Is, mede met het oog op het feit dat de toenmalige mensen­rechtensituatie een half jaar geleden nog de reden was pre­sident Loekasjenko de toegang tot de EU te weigeren, thans sprake van een aantoonbare verbetering in de mensen­rech­ten­situatie in Wit-Rusland?

Antwoord.

Aanleiding voor veertien EU-lidstaten (Portugal deed niet mee) op 19 november 2002 visummaatregelen in te stellen tegen presi­dent Loekasjenko en zeven van zijn naaste mede­werkers was, tegen de achtergrond van de negatieve ontwik­keling van de mensen- en politieke rechten, in het bijzonder de sluiting van de OVSE 'Advisory and Monitoring Group' te Minsk. Die maatregelen werden op 14 april jl. door die zelfde veertien Lidstaten weer ingetrokken op grond van de vooruitzichten op het kunnen functioneren van het nieuwe OVSE-kantoor (zie het antwoord op vraag 3).

De mensen­rechten­situatie in Wit-Rusland is onverminderd slecht. Bij de intrekking van de visum­maatregelen heeft de EU daarom een afzonderlijke verklaring uitgegeven waarin de EU ernstige verontrusting uitspreekt over de verslech­tering van de mensen­rechtensituatie in dat land. De EU spreekt daarin ondermeer zorg uit over de voortdurende verslechtering van de democratie en de naleving van de beginselen van de rechtsstaat in Wit-Rusland.
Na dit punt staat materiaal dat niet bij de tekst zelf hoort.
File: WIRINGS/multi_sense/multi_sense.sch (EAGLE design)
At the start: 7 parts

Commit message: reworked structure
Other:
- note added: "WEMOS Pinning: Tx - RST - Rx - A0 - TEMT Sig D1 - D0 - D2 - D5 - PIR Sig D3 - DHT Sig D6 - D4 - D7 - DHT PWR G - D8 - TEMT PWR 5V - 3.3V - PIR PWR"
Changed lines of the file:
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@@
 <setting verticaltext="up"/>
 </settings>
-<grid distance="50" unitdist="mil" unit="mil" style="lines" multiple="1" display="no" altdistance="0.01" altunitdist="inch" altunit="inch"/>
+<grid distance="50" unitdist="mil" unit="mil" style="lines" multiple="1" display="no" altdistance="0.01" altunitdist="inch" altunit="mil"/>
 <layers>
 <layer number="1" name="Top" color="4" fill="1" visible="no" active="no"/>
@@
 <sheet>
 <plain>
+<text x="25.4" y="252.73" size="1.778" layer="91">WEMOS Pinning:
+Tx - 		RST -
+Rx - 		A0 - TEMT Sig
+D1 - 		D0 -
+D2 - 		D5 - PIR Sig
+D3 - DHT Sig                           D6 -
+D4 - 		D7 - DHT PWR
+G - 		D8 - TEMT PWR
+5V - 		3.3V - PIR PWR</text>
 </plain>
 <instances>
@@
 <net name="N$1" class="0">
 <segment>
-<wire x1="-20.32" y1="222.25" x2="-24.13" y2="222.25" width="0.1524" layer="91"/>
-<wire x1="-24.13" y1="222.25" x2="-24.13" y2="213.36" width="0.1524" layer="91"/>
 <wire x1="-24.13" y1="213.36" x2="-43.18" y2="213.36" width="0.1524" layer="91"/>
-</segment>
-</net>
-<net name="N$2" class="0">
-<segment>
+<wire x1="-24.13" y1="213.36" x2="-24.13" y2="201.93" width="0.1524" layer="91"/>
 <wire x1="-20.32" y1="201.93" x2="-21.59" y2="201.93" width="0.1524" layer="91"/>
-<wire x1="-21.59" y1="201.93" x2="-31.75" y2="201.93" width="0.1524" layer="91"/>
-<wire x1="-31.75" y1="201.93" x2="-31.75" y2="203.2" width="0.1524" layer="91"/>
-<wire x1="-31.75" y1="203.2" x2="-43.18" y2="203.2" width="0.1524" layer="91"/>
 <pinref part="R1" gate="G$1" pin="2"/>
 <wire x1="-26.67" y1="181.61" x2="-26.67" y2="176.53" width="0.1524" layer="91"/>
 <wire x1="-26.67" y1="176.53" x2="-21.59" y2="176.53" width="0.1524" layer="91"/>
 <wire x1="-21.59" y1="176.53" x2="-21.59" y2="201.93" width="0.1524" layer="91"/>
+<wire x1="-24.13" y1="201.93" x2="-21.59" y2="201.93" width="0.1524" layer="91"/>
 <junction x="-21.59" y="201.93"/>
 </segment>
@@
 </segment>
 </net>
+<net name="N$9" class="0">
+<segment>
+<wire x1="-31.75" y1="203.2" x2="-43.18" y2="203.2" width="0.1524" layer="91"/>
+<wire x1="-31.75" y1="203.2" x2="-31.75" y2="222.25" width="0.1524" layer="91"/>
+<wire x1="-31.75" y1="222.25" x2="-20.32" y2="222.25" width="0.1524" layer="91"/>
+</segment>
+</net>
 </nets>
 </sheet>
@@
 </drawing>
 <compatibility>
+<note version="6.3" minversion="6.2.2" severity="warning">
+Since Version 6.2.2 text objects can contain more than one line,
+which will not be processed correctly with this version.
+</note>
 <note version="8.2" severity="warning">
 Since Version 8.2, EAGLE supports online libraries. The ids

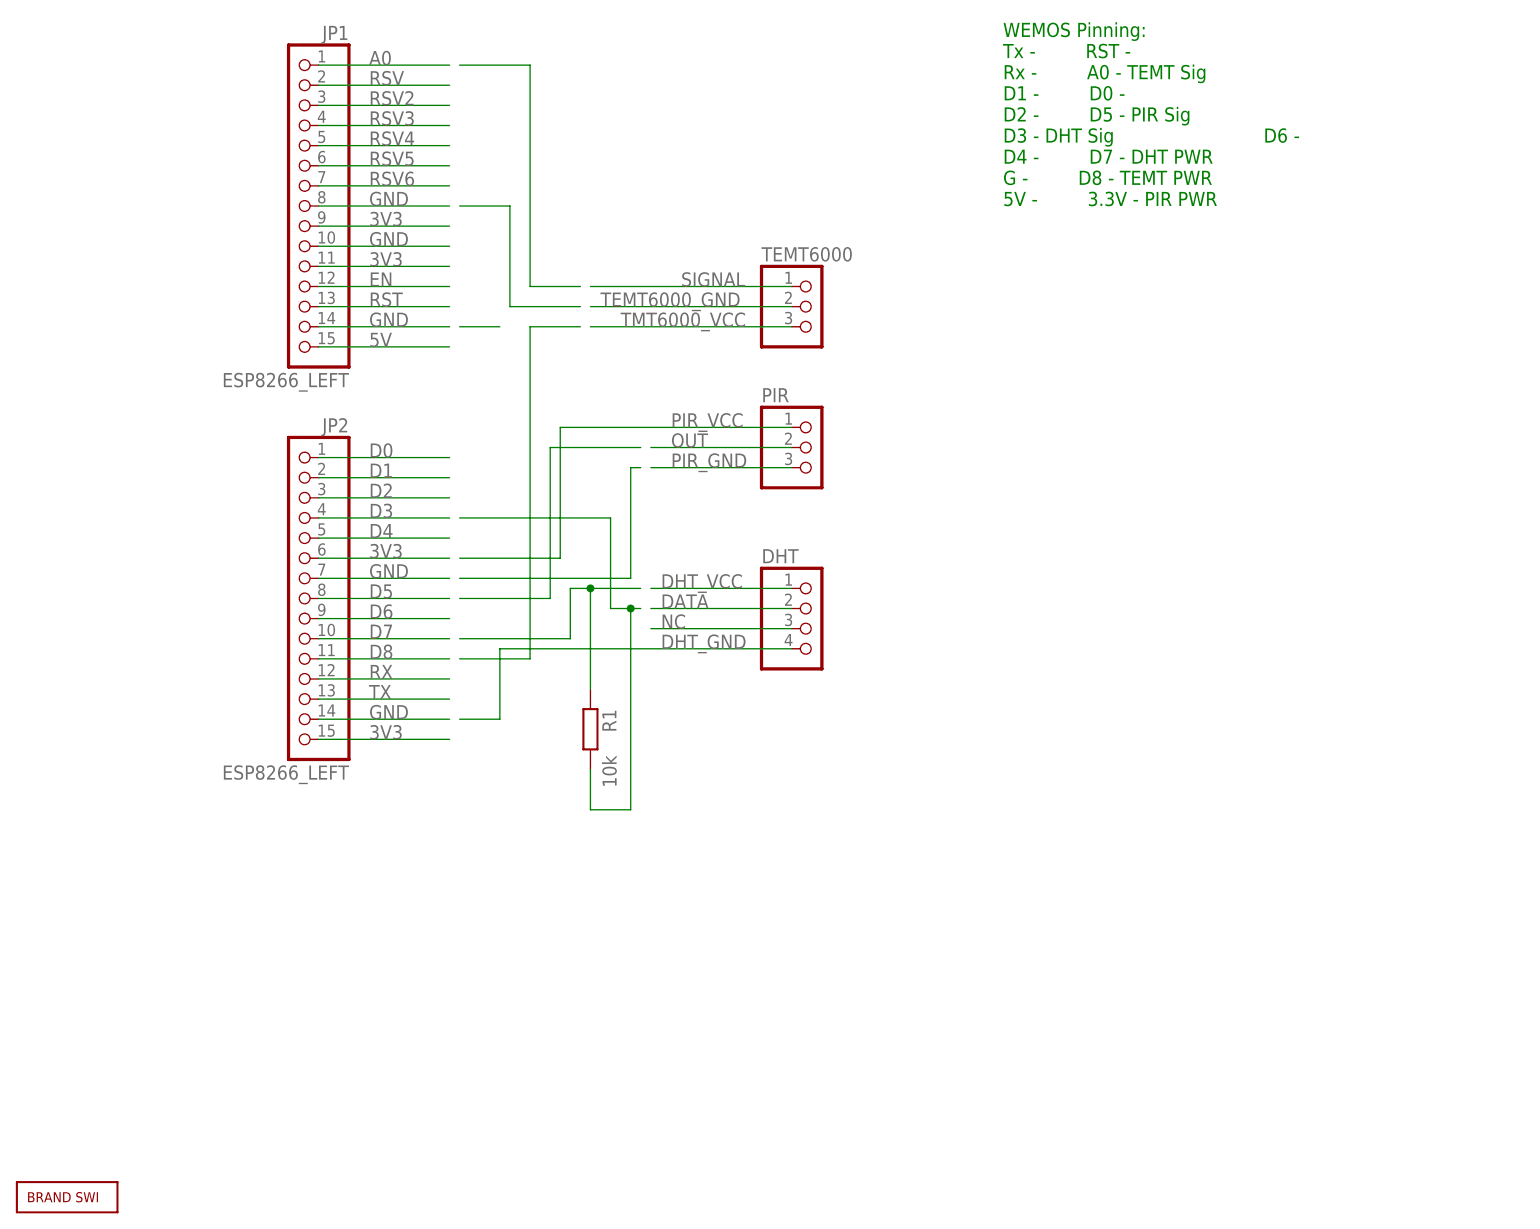
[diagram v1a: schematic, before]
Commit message: updated wemos and diverse boards
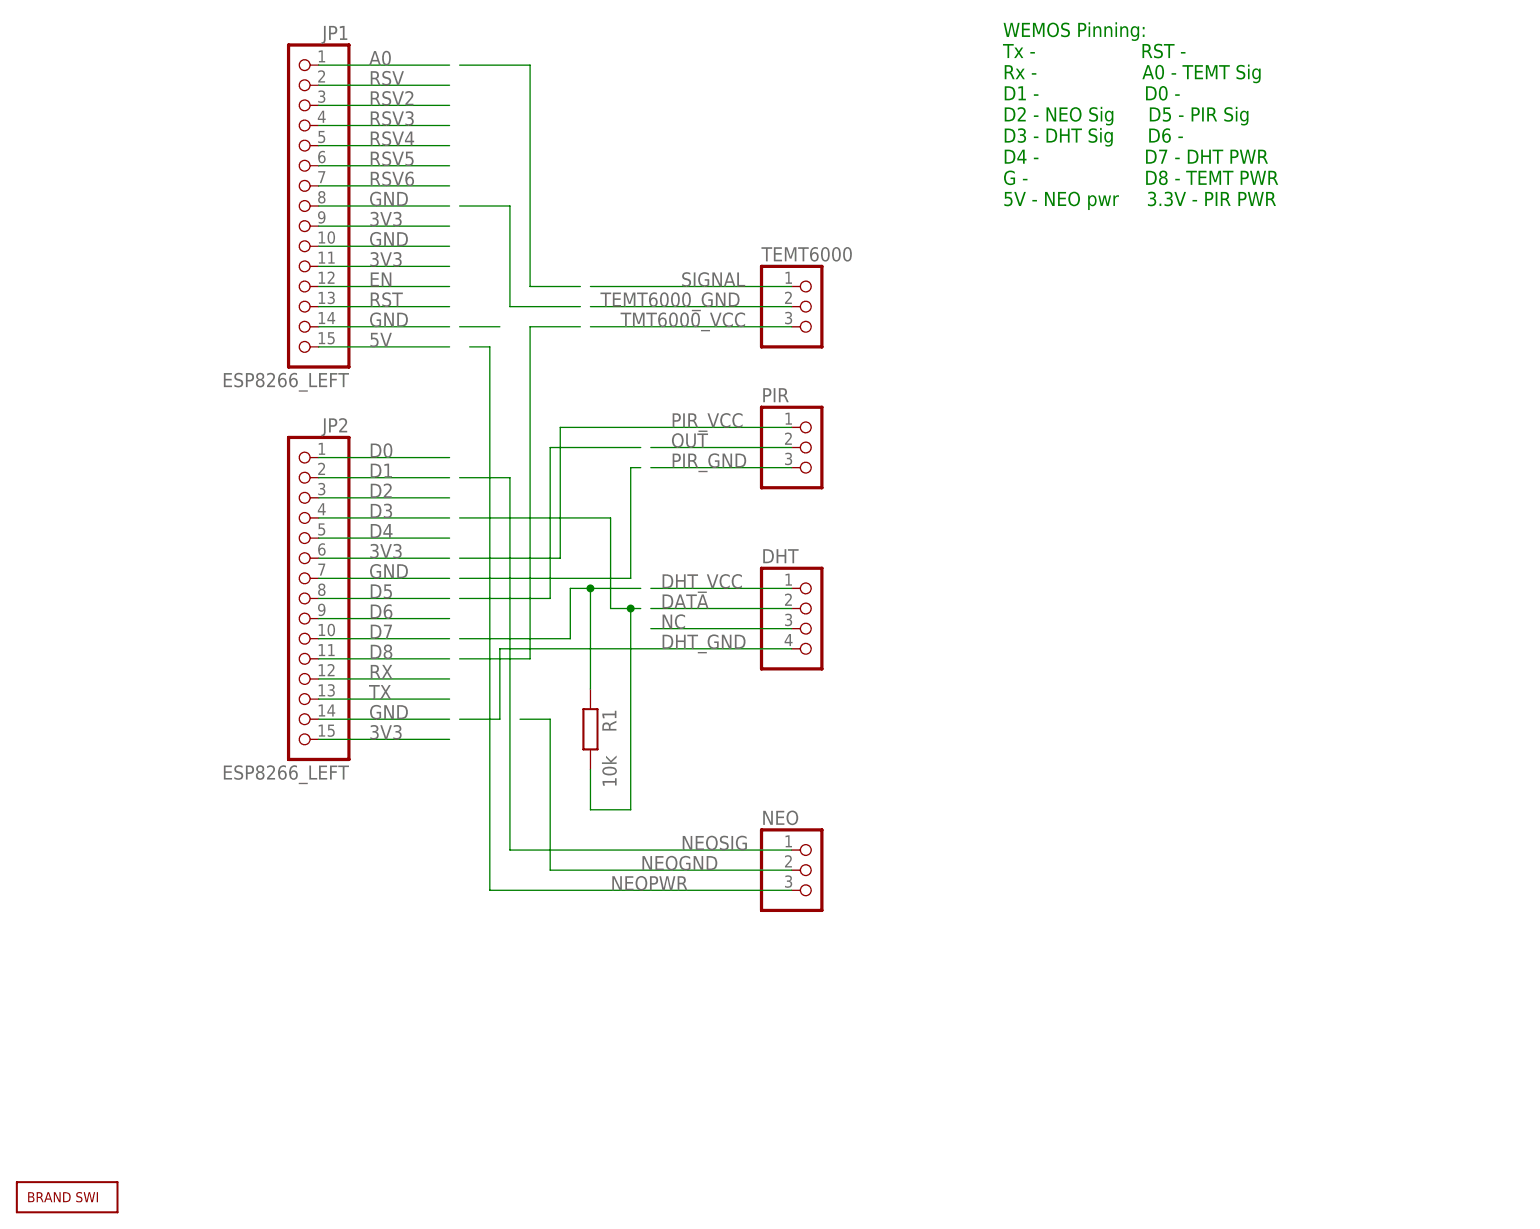
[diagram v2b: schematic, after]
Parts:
- added NEO: (no value), pinhead:PINHD-1X3
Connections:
- new net NEOGND: NEO.2
- new net NEOPWR: NEO.3
- new net NEOSIG: NEO.1
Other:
- note added: "WEMOS Pinning: Tx - RST - Rx - A0 - TEMT Sig D1 - D0 - D2 - NEO Sig D5 - PIR Sig D3 - DHT Sig D6 - D4 - D7 - DHT PWR G - D8 - TEMT PWR 5V - NEO pwr 3.3V - PIR PWR"
- note removed: "WEMOS Pinning: Tx - RST - Rx - A0 - TEMT Sig D1 - D0 - D2 - D5 - PIR Sig D3 - DHT Sig D6 - D4 - D7 - DHT PWR G - D8 - TEMT PWR 5V - 3.3V - PIR PWR"
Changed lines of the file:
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@@
 <?xml version="1.0" encoding="utf-8"?>
 <!DOCTYPE eagle SYSTEM "eagle.dtd">
-<eagle version="8.3.2">
+<eagle version="9.6.2">
 <drawing>
 <settings>
@@
 <setting verticaltext="up"/>
 </settings>
-<grid distance="50" unitdist="mil" unit="mil" style="lines" multiple="1" display="no" altdistance="0.01" altunitdist="inch" altunit="mil"/>
+<grid distance="50" unitdist="mil" unit="mil" style="lines" multiple="1" display="no" altdistance="0.01" altunitdist="inch" altunit="inch"/>
 <layers>
 <layer number="1" name="Top" color="4" fill="1" visible="no" active="no"/>
@@
 <part name="JP1" library="pinhead" library_urn="urn:adsk.eagle:library:325" deviceset="PINHD-1X15" device="" package3d_urn="urn:adsk.eagle:package:22424/1" value="ESP8266_LEFT"/>
 <part name="JP2" library="pinhead" library_urn="urn:adsk.eagle:library:325" deviceset="PINHD-1X15" device="" package3d_urn="urn:adsk.eagle:package:22424/1" value="ESP8266_LEFT"/>
+<part name="NEO" library="pinhead" library_urn="urn:adsk.eagle:library:325" deviceset="PINHD-1X3" device="" package3d_urn="urn:adsk.eagle:package:22458/2"/>
 </parts>
 <sheets>
@@
 <plain>
 <text x="25.4" y="252.73" size="1.778" layer="91">WEMOS Pinning:
-Tx - 		RST -
-Rx - 		A0 - TEMT Sig
-D1 - 		D0 -
-D2 - 		D5 - PIR Sig
-D3 - DHT Sig                           D6 -
-D4 - 		D7 - DHT PWR
-G - 		D8 - TEMT PWR
-5V - 		3.3V - PIR PWR</text>
+Tx -                   RST -
+Rx -                   A0 - TEMT Sig
+D1 -                   D0 -
+D2 - NEO Sig      D5 - PIR Sig
+D3 - DHT Sig      D6 -
+D4 -                   D7 - DHT PWR
+G -                     D8 - TEMT PWR
+5V - NEO pwr     3.3V - PIR PWR</text>
 </plain>
 <instances>
-<instance part="FRAME1" gate="G$1" x="-114.3" y="111.76"/>
-<instance part="U$2" gate="G$1" x="-99.06" y="125.73"/>
+<instance part="FRAME1" gate="G$1" x="-114.3" y="111.76" smashed="yes">
+<attribute name="DRAWING_NAME" x="102.87" y="127" size="2.54" layer="94"/>
+<attribute name="LAST_DATE_TIME" x="102.87" y="121.92" size="2.286" layer="94"/>
+<attribute name="SHEET" x="116.205" y="116.84" size="2.54" layer="94"/>
+</instance>
+<instance part="U$2" gate="G$1" x="-99.06" y="125.73" smashed="yes"/>
 <instance part="R1" gate="G$1" x="-26.67" y="186.69" smashed="yes" rot="R270">
 <attribute name="NAME" x="-25.1714" y="189.23" size="1.778" layer="95" rot="R270"/>
 <attribute name="VALUE" x="-25.146" y="183.388" size="1.778" layer="96" rot="R270"/>
 </instance>
-<instance part="PIR" gate="A" x="1.27" y="222.25"/>
-<instance part="DHT" gate="A" x="1.27" y="199.39"/>
-<instance part="TEMT6000" gate="A" x="1.27" y="240.03"/>
-<instance part="JP1" gate="A" x="-63.5" y="252.73" rot="MR0"/>
-<instance part="JP2" gate="A" x="-63.5" y="203.2" rot="MR0"/>
+<instance part="PIR" gate="A" x="1.27" y="222.25" smashed="yes">
+<attribute name="NAME" x="-5.08" y="227.965" size="1.778" layer="95"/>
+<attribute name="VALUE" x="-5.08" y="214.63" size="1.778" layer="96"/>
+</instance>
+<instance part="DHT" gate="A" x="1.27" y="199.39" smashed="yes">
+<attribute name="NAME" x="-5.08" y="207.645" size="1.778" layer="95"/>
+<attribute name="VALUE" x="-5.08" y="191.77" size="1.778" layer="96"/>
+</instance>
+<instance part="TEMT6000" gate="A" x="1.27" y="240.03" smashed="yes">
+<attribute name="NAME" x="-5.08" y="245.745" size="1.778" layer="95"/>
+<attribute name="VALUE" x="-5.08" y="232.41" size="1.778" layer="96"/>
+</instance>
+<instance part="JP1" gate="A" x="-63.5" y="252.73" smashed="yes" rot="MR0">
+<attribute name="NAME" x="-57.15" y="273.685" size="1.778" layer="95" rot="MR0"/>
+<attribute name="VALUE" x="-57.15" y="229.87" size="1.778" layer="96" rot="MR0"/>
+</instance>
+<instance part="JP2" gate="A" x="-63.5" y="203.2" smashed="yes" rot="MR0">
+<attribute name="NAME" x="-57.15" y="224.155" size="1.778" layer="95" rot="MR0"/>
+<attribute name="VALUE" x="-57.15" y="180.34" size="1.778" layer="96" rot="MR0"/>
+</instance>
+<instance part="NEO" gate="A" x="1.27" y="168.91" smashed="yes">
+<attribute name="NAME" x="-5.08" y="174.625" size="1.778" layer="95"/>
+<attribute name="VALUE" x="-5.08" y="161.29" size="1.778" layer="96"/>
+</instance>
 </instances>
 <busses>
@@
 </segment>
 </net>
+<net name="NEOSIG" class="0">
+<segment>
+<pinref part="NEO" gate="A" pin="1"/>
+<wire x1="-1.27" y1="171.45" x2="-36.83" y2="171.45" width="0.1524" layer="91"/>
+<wire x1="-36.83" y1="171.45" x2="-36.83" y2="218.44" width="0.1524" layer="91"/>
+<wire x1="-36.83" y1="218.44" x2="-43.18" y2="218.44" width="0.1524" layer="91"/>
+<label x="-15.24" y="171.45" size="1.778" layer="95"/>
+</segment>
+</net>
+<net name="NEOGND" class="0">
+<segment>
+<pinref part="NEO" gate="A" pin="2"/>
+<wire x1="-1.27" y1="168.91" x2="-31.75" y2="168.91" width="0.1524" layer="91"/>
+<wire x1="-31.75" y1="168.91" x2="-31.75" y2="187.96" width="0.1524" layer="91"/>
+<wire x1="-31.75" y1="187.96" x2="-35.56" y2="187.96" width="0.1524" layer="91"/>
+<label x="-20.32" y="168.91" size="1.778" layer="95"/>
+</segment>
+</net>
+<net name="NEOPWR" class="0">
+<segment>
+<pinref part="NEO" gate="A" pin="3"/>
+<wire x1="-1.27" y1="166.37" x2="-39.37" y2="166.37" width="0.1524" layer="91"/>
+<wire x1="-39.37" y1="166.37" x2="-39.37" y2="234.95" width="0.1524" layer="91"/>
+<wire x1="-39.37" y1="234.95" x2="-41.91" y2="234.95" width="0.1524" layer="91"/>
+<label x="-24.13" y="166.37" size="1.778" layer="95"/>
+</segment>
+</net>

Ook acht de EU de geregeld voorkomende beperkingen op de fundamen­tele vrijheden niet in overeenstemming met de Europese democratische waarden.

Vraag 3.

Is, mede met het oog op het feit dat de toenmalige sluiting van de OVSE-missie in Minsk, een half jaar geleden nog de aan­lei­ding was president Loekasjenko de toegang tot de EU te ont­zeggen, de OVSE-missie in Minsk thans was geopend en ver­schaft /verlengt Wit-Rusland inmiddels weer visa aan/van OVSE-medewerkers?

Antwoord.

Eind decem­ber 2002 werd een akkoord bereikt over de voort­zetting van de OVSE-presentie in Wit-Rusland onder de nieuwe naam 'OSCE Office in Minsk' (OOM). Als hoofd van dat kantoor trad begin februari jl. ambassadeur Eberhard Heyken aan. Vier internationale stafleden hebben inmiddels hun werkzaamheden aangevangen. De Wit-Russische au­to­ri­teiten hebben hun zonder problemen een visum dan wel di­plo­matieke accreditatie verstrekt. In de rapportage van 27 maart 2003 aan het Neder­landse OVSE Voorzitterschap en op 2 april 2003 aan de Permanente Raad te Wenen be­richtte ambassadeur Heyken dat zijn kantoor operationeel is, de nood­zakelijke medewerking van de autoriteiten ontvangt en goede vooruitzichten heeft om in overeen­stem­ming met het mandaat te kunnen opereren.

Vraag 4.

Indien het antwoord op vraag 2 en 3 negatief is, welke ande­re wijziging in de situatie in Wit-Rusland rechtvaardigt dan deze wijziging in het beleid?

Antwoord.

Zoals aangegeven in het antwoord op vraag 2, heeft zowel bij de besluitvorming over de invoering van de visummaat­regelen als bij de intrekking van die maatregelen niet zozeer de mensenrechtensituatie maar in het bijzonder de sluiting en daarna de vooruitzichten op het weer kunnen functioneren van het OVSE-kantoor een doorslaggevende rol gespeeld.

Vraag 5.

Wat is de reactie van de Wit-Russische oppositie, die een half jaar geleden nog blij was met het besluit president Loekasjenko de toegang tot de EU te ontzeggen?

Antwoord.

De reacties van de Wit-Russische oppositie zijn gemengd. Ten aanzien van het functioneren van het OVSE-kantoor neemt de oppositie een afwachtende houding aan.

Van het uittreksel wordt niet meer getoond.